Question

In: Finance

assume quotes are based on units of foreign currency per dollar and the us dollar appreciated...

assume quotes are based on units of foreign currency per dollar and the us dollar appreciated against the euro today. this means that :
a. the exchange rate between the dollar and the euro weakened
b. the us interest rate is less than the interest rate in euroland
c. the us inflation rate exceeds the inflation rate in euroland
d. it now takes more dollars to buy one euro
e. it now takes more euros to buy one dollar

Solutions

Expert Solution

Exchange rate means the number of foreign currencies one unit of base currency can buy.

Quotes are based on units of foreign currency per dollar and the US dollar appreciated against the euro today, this means that: e. it takes more euros to buy one dollar. An appreciation of a currency means it will take more of foreign currency to buy that currency. Here, since US dollar appreciated it means it will now take more of Euros to buy 1 US dollar of currency.

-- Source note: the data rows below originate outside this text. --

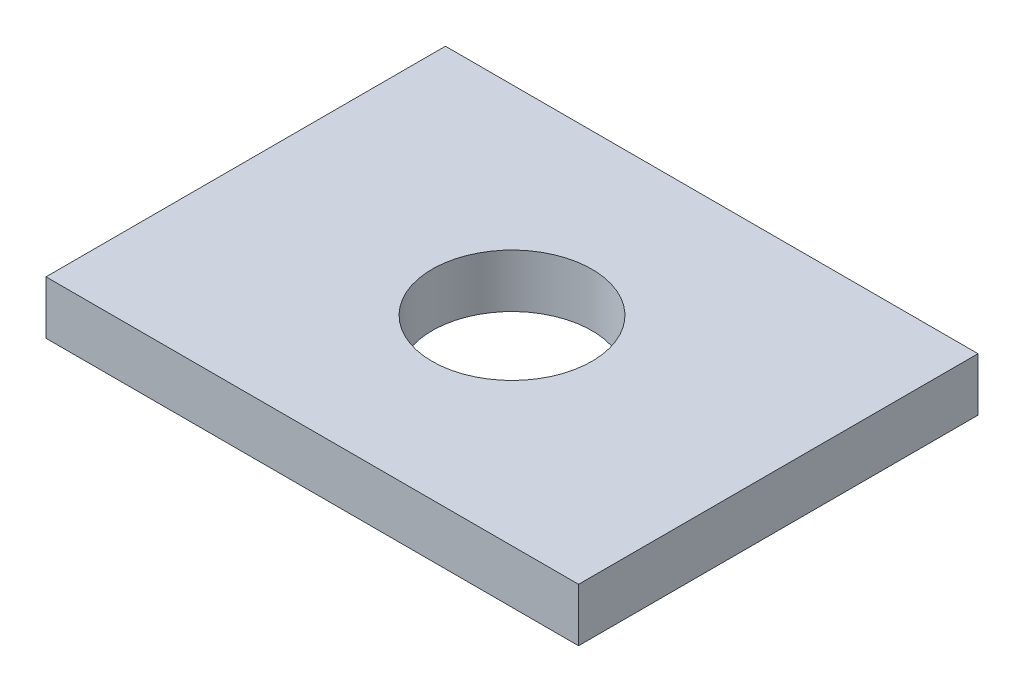
from build123d import *

# Parameters (mm, degrees)
SKETCH1_W           = 25.4
SKETCH1_H           = 19.05
BOSS_EXTRUDE1_DEPTH = 2.54
SKETCH2_R           = 3.81
CUT_EXTRUDE1_DEPTH  = 17.076915904


with BuildPart() as part:
    # Sketch1 → Boss-Extrude1 (new body)
    with BuildSketch(Plane(origin=(0, 0, 0), x_dir=(1, 0, 0), z_dir=(0, 1, 0))):
        Rectangle(SKETCH1_W, SKETCH1_H)
    extrude(amount=BOSS_EXTRUDE1_DEPTH)

    # Sketch2 → Cut-Extrude1 (cut, through all)
    with BuildSketch(Plane(origin=(0, 2.54, 0), x_dir=(1, 0, 0), z_dir=(0, 1, 0))):
        with Locations(Location((0, 0, 0), (0, 0, 270))):
            Circle(SKETCH2_R)
    extrude(amount=-CUT_EXTRUDE1_DEPTH, mode=Mode.SUBTRACT)


solid = part.part
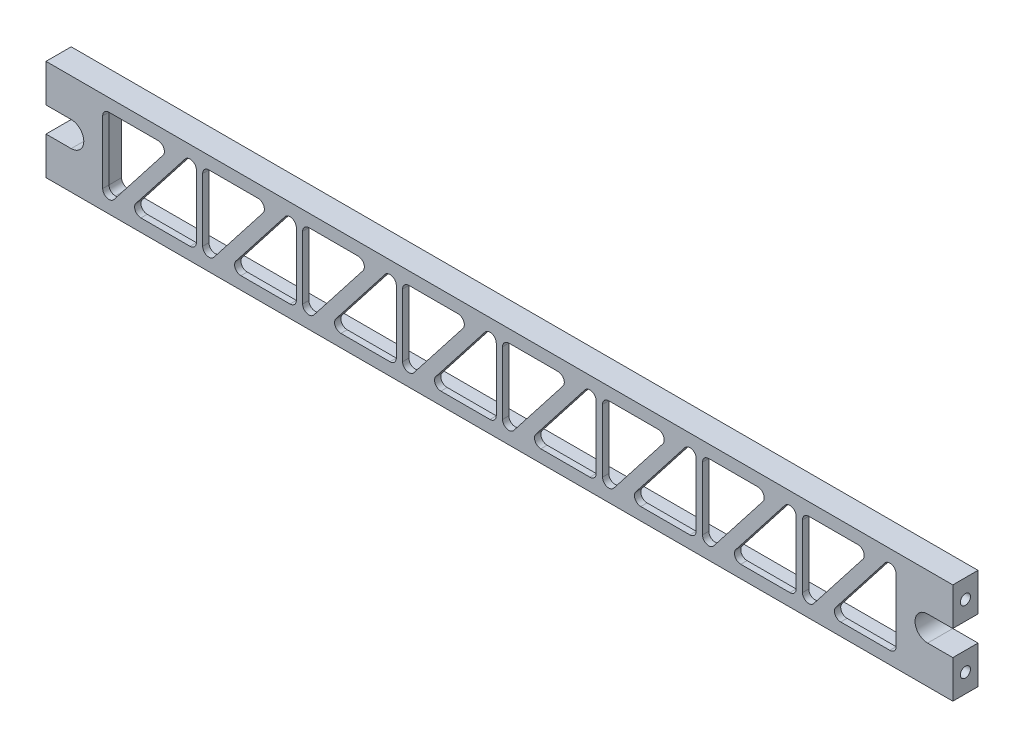
from build123d import *

# Parameters (mm, degrees)
SKETCH1_W                             = 12.7
SKETCH1_H                             = 50.8
BOSS_EXTRUDE1_DEPTH                   = 228.6
F_1_4_20_TAPPED_HOLE1_D               = 5.1054
F_1_4_20_TAPPED_HOLE1_DEPTH           = 19.05
F_1_4_20_TAPPED_HOLE1_TIP             = 1.533816902
F_1_4_20_TAPPED_HOLE1_ON_FACE_2_D     = 5.1054
F_1_4_20_TAPPED_HOLE1_ON_FACE_2_DEPTH = 19.05
F_1_4_20_TAPPED_HOLE1_ON_FACE_2_TIP   = 1.533816902
CUT_EXTRUDE1_DEPTH                    = 9.525
CUT_EXTRUDE2_DEPTH                    = 235.370061281
CUT_EXTRUDE3_DEPTH                    = 235.52055347


with BuildPart() as part:
    # Sketch1 → Boss-Extrude1 (new, symmetric)
    with BuildSketch(Plane(origin=(0, 0, 0), x_dir=(0, 0, -1), z_dir=(1, 0, 0))):
        with Locations((6.35, 25.4)):
            Rectangle(SKETCH1_W, SKETCH1_H)
    extrude(amount=BOSS_EXTRUDE1_DEPTH, both=True)

    # 1/4-20 Tapped Hole1
    with Locations(Plane(origin=(228.6, 41.275, -6.35), x_dir=(0, 0, 1), z_dir=(1, 0, 0))):
        with Locations((0, 0), (0, 31.75)):
            Hole(F_1_4_20_TAPPED_HOLE1_D / 2, depth=F_1_4_20_TAPPED_HOLE1_DEPTH)
            with Locations((0, 0, -(F_1_4_20_TAPPED_HOLE1_DEPTH + F_1_4_20_TAPPED_HOLE1_TIP / 2))):  # 118° drill point
                Cone(0, F_1_4_20_TAPPED_HOLE1_D / 2, F_1_4_20_TAPPED_HOLE1_TIP, mode=Mode.SUBTRACT)

    # 1/4-20 Tapped Hole1 on face 2
    with Locations(Plane(origin=(-228.6, 9.525, -6.35), x_dir=(0, 0, -1), z_dir=(-1, 0, 0))):
        with Locations((0, 0), (0, -31.75)):
            Hole(F_1_4_20_TAPPED_HOLE1_ON_FACE_2_D / 2, depth=F_1_4_20_TAPPED_HOLE1_ON_FACE_2_DEPTH)
            with Locations((0, 0, -(F_1_4_20_TAPPED_HOLE1_ON_FACE_2_DEPTH + F_1_4_20_TAPPED_HOLE1_ON_FACE_2_TIP / 2))):  # 118° drill point
                Cone(0, F_1_4_20_TAPPED_HOLE1_ON_FACE_2_D / 2, F_1_4_20_TAPPED_HOLE1_ON_FACE_2_TIP, mode=Mode.SUBTRACT)

    # Sketch4 → Cut-Extrude1 (cut)
    with BuildSketch(Plane(origin=(0, 0, -12.7), x_dir=(-1, 0, 0), z_dir=(0, 0, -1))):
        with BuildLine():
            Line((200.025, 47.625), (-200.025, 47.625))
            ThreePointArc((-200.025, 47.625), (-202.27006403, 46.69506403), (-203.2, 44.45))
            Line((-203.2, 44.45), (-203.2, 6.35))
            ThreePointArc((-203.2, 6.35), (-202.27006403, 4.10493597), (-200.025, 3.175))
            Line((-200.025, 3.175), (200.025, 3.175))
            ThreePointArc((200.025, 3.175), (202.27006403, 4.10493597), (203.2, 6.35))
            Line((203.2, 6.35), (203.2, 44.45))
            ThreePointArc((203.2, 44.45), (202.27006403, 46.69506403), (200.025, 47.625))
        make_face()
    extrude(amount=-CUT_EXTRUDE1_DEPTH, mode=Mode.SUBTRACT)

    # Sketch5 → Cut-Extrude2 (cut, through all)
    with BuildSketch(Plane(origin=(0, 0, -3.175), x_dir=(-1, 0, 0), z_dir=(0, 0, -1))):
        with BuildLine():
            Line((-200.025, 41.275), (-200.025, 9.525))
            ThreePointArc((-200.025, 9.525), (-199.09506403, 7.27993597), (-196.85, 6.35))
            Line((-196.85, 6.35), (-172.079670497, 6.35))
            ThreePointArc((-172.079670497, 6.35), (-169.226482862, 8.132180803), (-169.576379466, 11.477987203))
            Line((-169.576379466, 11.477987203), (-194.346708969, 43.227987203))
            ThreePointArc((-194.346708969, 43.227987203), (-197.882636426, 44.277380224), (-200.025, 41.275))
        make_face()
        with BuildLine():
            Line((-183.245495534, 39.322012797), (-158.475166031, 7.572012797))
            ThreePointArc((-158.475166031, 7.572012797), (-154.939238574, 6.522619776), (-152.796875, 9.525))
            Line((-152.796875, 9.525), (-152.796875, 41.275))
            ThreePointArc((-152.796875, 41.275), (-153.72681097, 43.52006403), (-155.971875, 44.45))
            Line((-155.971875, 44.45), (-180.742204503, 44.45))
            ThreePointArc((-180.742204503, 44.45), (-183.595392138, 42.667819197), (-183.245495534, 39.322012797))
        make_face()
        with BuildLine():
            Line((-149.621875, 41.275), (-149.621875, 9.525))
            ThreePointArc((-149.621875, 9.525), (-148.69193903, 7.27993597), (-146.446875, 6.35))
            Line((-146.446875, 6.35), (-121.676545497, 6.35))
            ThreePointArc((-121.676545497, 6.35), (-118.823357862, 8.132180803), (-119.173254466, 11.477987203))
            Line((-119.173254466, 11.477987203), (-143.943583969, 43.227987203))
            ThreePointArc((-143.943583969, 43.227987203), (-147.479511426, 44.277380224), (-149.621875, 41.275))
        make_face()
        with BuildLine():
            Line((-132.842370534, 39.322012797), (-108.072041031, 7.572012797))
            ThreePointArc((-108.072041031, 7.572012797), (-104.536113574, 6.522619776), (-102.39375, 9.525))
            Line((-102.39375, 9.525), (-102.39375, 41.275))
            ThreePointArc((-102.39375, 41.275), (-103.32368597, 43.52006403), (-105.56875, 44.45))
            Line((-105.56875, 44.45), (-130.339079503, 44.45))
            ThreePointArc((-130.339079503, 44.45), (-133.192267138, 42.667819197), (-132.842370534, 39.322012797))
        make_face()
        with BuildLine():
            Line((-99.21875, 41.275), (-99.21875, 9.525))
            ThreePointArc((-99.21875, 9.525), (-98.28881403, 7.27993597), (-96.04375, 6.35))
            Line((-96.04375, 6.35), (-71.273420497, 6.35))
            ThreePointArc((-71.273420497, 6.35), (-68.420232862, 8.132180803), (-68.770129466, 11.477987203))
            Line((-68.770129466, 11.477987203), (-93.540458969, 43.227987203))
            ThreePointArc((-93.540458969, 43.227987203), (-97.076386426, 44.277380224), (-99.21875, 41.275))
        make_face()
        with BuildLine():
            Line((-82.439245534, 39.322012797), (-57.668916031, 7.572012797))
            ThreePointArc((-57.668916031, 7.572012797), (-54.132988574, 6.522619776), (-51.990625, 9.525))
            Line((-51.990625, 9.525), (-51.990625, 41.275))
            ThreePointArc((-51.990625, 41.275), (-52.92056097, 43.52006403), (-55.165625, 44.45))
            Line((-55.165625, 44.45), (-79.935954503, 44.45))
            ThreePointArc((-79.935954503, 44.45), (-82.789142138, 42.667819197), (-82.439245534, 39.322012797))
        make_face()
        with BuildLine():
            Line((-48.815625, 41.275), (-48.815625, 9.525))
            ThreePointArc((-48.815625, 9.525), (-47.88568903, 7.27993597), (-45.640625, 6.35))
            Line((-45.640625, 6.35), (-20.870295497, 6.35))
            ThreePointArc((-20.870295497, 6.35), (-18.017107862, 8.132180803), (-18.367004466, 11.477987203))
            Line((-18.367004466, 11.477987203), (-43.137333969, 43.227987203))
            ThreePointArc((-43.137333969, 43.227987203), (-46.673261426, 44.277380224), (-48.815625, 41.275))
        make_face()
        with BuildLine():
            Line((-32.036120534, 39.322012797), (-7.265791031, 7.572012797))
            ThreePointArc((-7.265791031, 7.572012797), (-3.729863574, 6.522619776), (-1.5875, 9.525))
            Line((-1.5875, 9.525), (-1.5875, 41.275))
            ThreePointArc((-1.5875, 41.275), (-2.51743597, 43.52006403), (-4.7625, 44.45))
            Line((-4.7625, 44.45), (-29.532829503, 44.45))
            ThreePointArc((-29.532829503, 44.45), (-32.386017138, 42.667819197), (-32.036120534, 39.322012797))
        make_face()
        with BuildLine():
            Line((1.5875, 41.275), (1.5875, 9.525))
            ThreePointArc((1.5875, 9.525), (2.51743597, 7.27993597), (4.7625, 6.35))
            Line((4.7625, 6.35), (29.532829503, 6.35))
            ThreePointArc((29.532829503, 6.35), (32.386017138, 8.132180803), (32.036120534, 11.477987203))
            Line((32.036120534, 11.477987203), (7.265791031, 43.227987203))
            ThreePointArc((7.265791031, 43.227987203), (3.729863574, 44.277380224), (1.5875, 41.275))
        make_face()
        with BuildLine():
            Line((18.367004466, 39.322012797), (43.137333969, 7.572012797))
            ThreePointArc((43.137333969, 7.572012797), (46.673261426, 6.522619776), (48.815625, 9.525))
            Line((48.815625, 9.525), (48.815625, 41.275))
            ThreePointArc((48.815625, 41.275), (47.88568903, 43.52006403), (45.640625, 44.45))
            Line((45.640625, 44.45), (20.870295497, 44.45))
            ThreePointArc((20.870295497, 44.45), (18.017107862, 42.667819197), (18.367004466, 39.322012797))
        make_face()
        with BuildLine():
            Line((51.990625, 41.275), (51.990625, 9.525))
            ThreePointArc((51.990625, 9.525), (52.92056097, 7.27993597), (55.165625, 6.35))
            Line((55.165625, 6.35), (79.935954503, 6.35))
            ThreePointArc((79.935954503, 6.35), (82.789142138, 8.132180803), (82.439245534, 11.477987203))
            Line((82.439245534, 11.477987203), (57.668916031, 43.227987203))
            ThreePointArc((57.668916031, 43.227987203), (54.132988574, 44.277380224), (51.990625, 41.275))
        make_face()
        with BuildLine():
            Line((68.770129466, 39.322012797), (93.540458969, 7.572012797))
            ThreePointArc((93.540458969, 7.572012797), (97.076386426, 6.522619776), (99.21875, 9.525))
            Line((99.21875, 9.525), (99.21875, 41.275))
            ThreePointArc((99.21875, 41.275), (98.28881403, 43.52006403), (96.04375, 44.45))
            Line((96.04375, 44.45), (71.273420497, 44.45))
            ThreePointArc((71.273420497, 44.45), (68.420232862, 42.667819197), (68.770129466, 39.322012797))
        make_face()
        with BuildLine():
            Line((102.39375, 41.275), (102.39375, 9.525))
            ThreePointArc((102.39375, 9.525), (103.32368597, 7.27993597), (105.56875, 6.35))
            Line((105.56875, 6.35), (130.339079503, 6.35))
            ThreePointArc((130.339079503, 6.35), (133.192267138, 8.132180803), (132.842370534, 11.477987203))
            Line((132.842370534, 11.477987203), (108.072041031, 43.227987203))
            ThreePointArc((108.072041031, 43.227987203), (104.536113574, 44.277380224), (102.39375, 41.275))
        make_face()
        with BuildLine():
            Line((119.173254466, 39.322012797), (143.943583969, 7.572012797))
            ThreePointArc((143.943583969, 7.572012797), (147.479511426, 6.522619776), (149.621875, 9.525))
            Line((149.621875, 9.525), (149.621875, 41.275))
            ThreePointArc((149.621875, 41.275), (148.69193903, 43.52006403), (146.446875, 44.45))
            Line((146.446875, 44.45), (121.676545497, 44.45))
            ThreePointArc((121.676545497, 44.45), (118.823357862, 42.667819197), (119.173254466, 39.322012797))
        make_face()
        with BuildLine():
            Line((152.796875, 41.275), (152.796875, 9.525))
            ThreePointArc((152.796875, 9.525), (153.72681097, 7.27993597), (155.971875, 6.35))
            Line((155.971875, 6.35), (180.742204503, 6.35))
            ThreePointArc((180.742204503, 6.35), (183.595392138, 8.132180803), (183.245495534, 11.477987203))
            Line((183.245495534, 11.477987203), (158.475166031, 43.227987203))
            ThreePointArc((158.475166031, 43.227987203), (154.939238574, 44.277380224), (152.796875, 41.275))
        make_face()
        with BuildLine():
            Line((169.576379466, 39.322012797), (194.346708969, 7.572012797))
            ThreePointArc((194.346708969, 7.572012797), (197.882636426, 6.522619776), (200.025, 9.525))
            Line((200.025, 9.525), (200.025, 41.275))
            ThreePointArc((200.025, 41.275), (199.09506403, 43.52006403), (196.85, 44.45))
            Line((196.85, 44.45), (172.079670497, 44.45))
            ThreePointArc((172.079670497, 44.45), (169.226482862, 42.667819197), (169.576379466, 39.322012797))
        make_face()
    extrude(amount=-CUT_EXTRUDE2_DEPTH, mode=Mode.SUBTRACT)

    # Sketch6 → Cut-Extrude3 (cut, through all)
    with BuildSketch(Plane.XY):
        with BuildLine():
            Line((-215.9, 31.75), (-228.6, 31.75))
            Line((-228.6, 31.75), (-228.6, 19.05))
            Line((-228.6, 19.05), (-215.9, 19.05))
            ThreePointArc((-215.9, 19.05), (-209.55, 25.4), (-215.9, 31.75))
        make_face()
        with BuildLine():
            Line((228.6, 19.05), (215.9, 19.05))
            ThreePointArc((215.9, 19.05), (209.55, 25.4), (215.9, 31.75))
            Line((215.9, 31.75), (228.6, 31.75))
            Line((228.6, 31.75), (228.6, 19.05))
        make_face()
    extrude(amount=-CUT_EXTRUDE3_DEPTH, mode=Mode.SUBTRACT)


solid = part.part
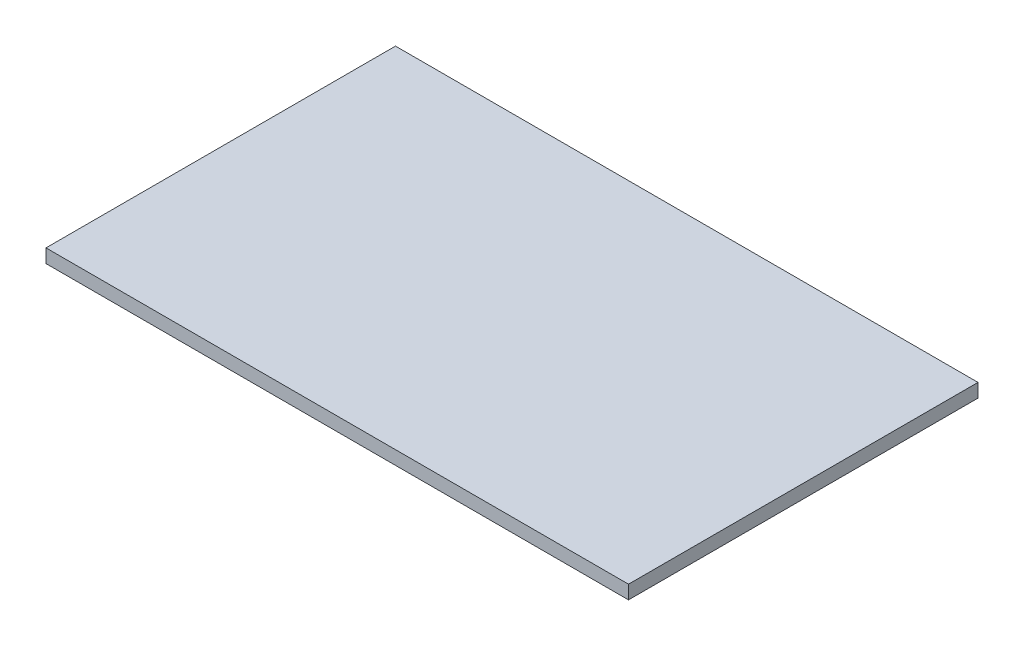
from build123d import *

# Parameters (mm, degrees)
SKETCH1_W           = 127
SKETCH1_H           = 76.2
BOSS_EXTRUDE1_DEPTH = 2.9718


with BuildPart() as part:
    # Sketch1 → Boss-Extrude1 (new body)
    with BuildSketch(Plane(origin=(0, 0, 0), x_dir=(1, 0, 0), z_dir=(0, 1, 0))):
        with Locations((63.5, 38.1)):
            Rectangle(SKETCH1_W, SKETCH1_H)
    extrude(amount=BOSS_EXTRUDE1_DEPTH)


solid = part.part
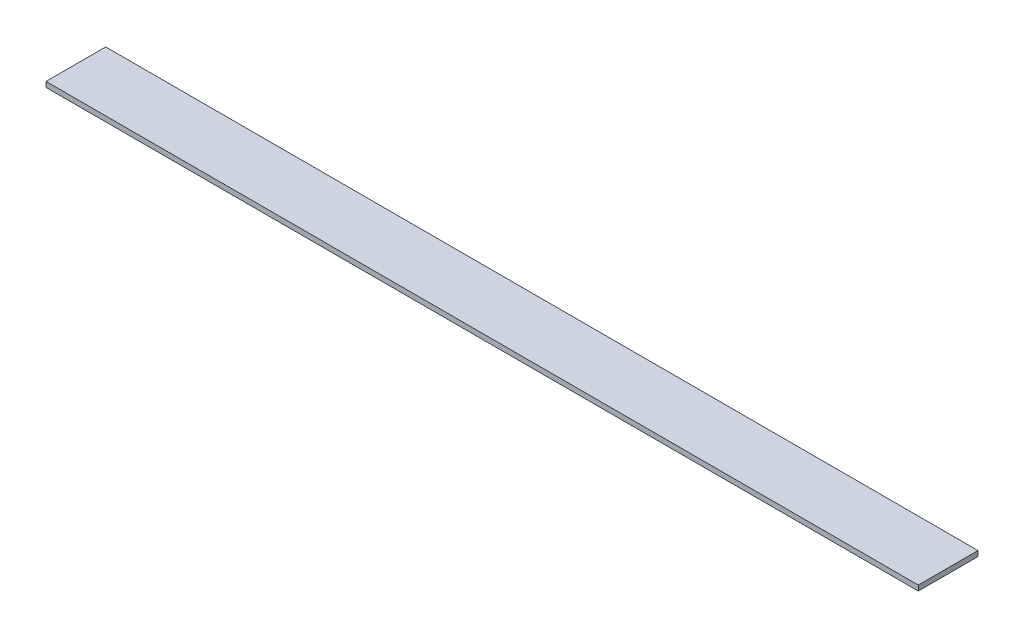
from build123d import *

# Parameters (mm, degrees)
SKETCH1_W           = 263
SKETCH1_H           = 18
BOSS_EXTRUDE1_DEPTH = 1.5748


with BuildPart() as part:
    # Sketch1 → Boss-Extrude1 (new body)
    with BuildSketch(Plane(origin=(0, 0, 0), x_dir=(1, 0, 0), z_dir=(0, 1, 0))):
        with Locations((101.732309173, -0.856406513)):
            Rectangle(SKETCH1_W, SKETCH1_H)
    extrude(amount=BOSS_EXTRUDE1_DEPTH)


solid = part.part
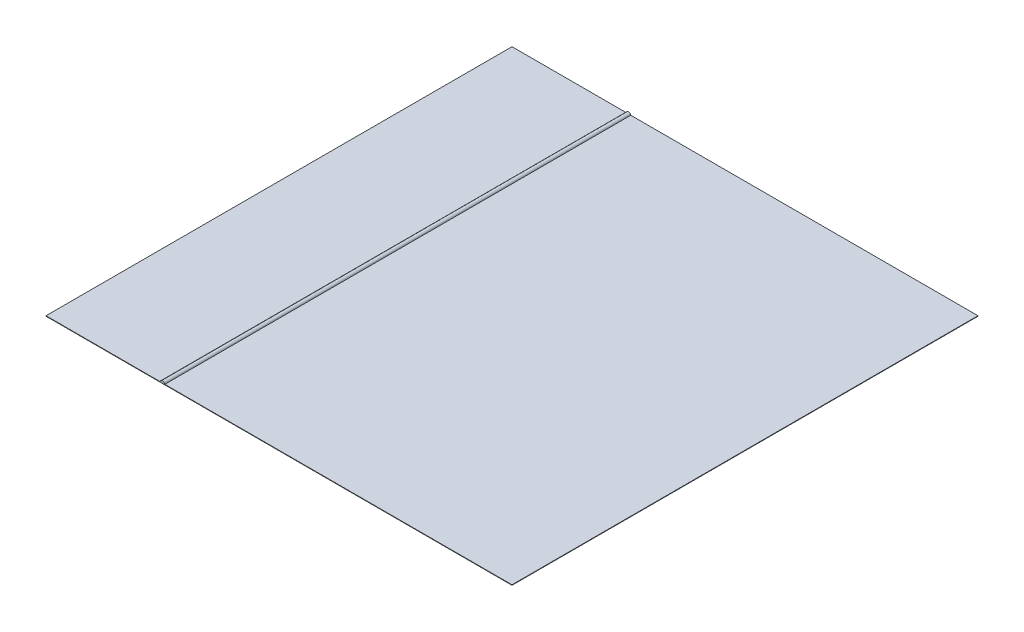
from build123d import *

# Parameters (mm, degrees)
SKETCH1_W           = 10000
SKETCH1_H           = 10000
BOSS_EXTRUDE1_DEPTH = 10
BOSS_EXTRUDE3_DEPTH = 10000


with BuildPart() as part:
    # Sketch1 → Boss-Extrude1 (new body)
    with BuildSketch(Plane(origin=(0, 0, 0), x_dir=(1, 0, 0), z_dir=(0, 1, 0))):
        Rectangle(SKETCH1_W, SKETCH1_H)
    extrude(amount=BOSS_EXTRUDE1_DEPTH)

    # Sketch4 → Boss-Extrude3 (add)
    with BuildSketch(Plane.XY.offset(5000)):
        with BuildLine():
            Line((-2451.010205144, 10), (-2548.989794856, 10))
            ThreePointArc((-2548.989794856, 10), (-2500, 50), (-2451.010205144, 10))
        make_face()
    extrude(amount=-BOSS_EXTRUDE3_DEPTH)


solid = part.part

All the other options are incorrect.

Option a. is incorrect because an appreciation of US dollar currency against Eurodollar here means the exchange rate between the dollar and euro strengthened. This is because US dollar is the base currency as the other currencies are quoted against US dollar in an international market.

Option b. is incorrect because an appreciation in US dollars could mean that US interest rates are more than the interest rates in Euroland.

Option c. is incorrect because an appreciation in US dollars could happen because inflation rates in US were lower than the inflation rate in Euroland. The exchange rates try to maintain an equilibrium with the inflation rates of the two countries. Whenever, there is a difference in inflation rates between the two currencies, say if inflation rate in US dollar is more than that in Euroland. This will disturb the equilibrium between the two currencies, since now goods available in one country are cheaper than the goods in other country. So this will result in increasing the import of goods of country where available cheaper to the country where they are costlier. This will cause an increase in demand for currency with lower inflation, and ultimately causing its currency to appreciate or increase in value as against the other currency in the exchange rate.

Option d. is incorrect because an appreciation in US dollars means it takes more euros to buy one dollar.

Option e. is Correct because an appreciation in US dollars means it now takes more euros to buy one dollar.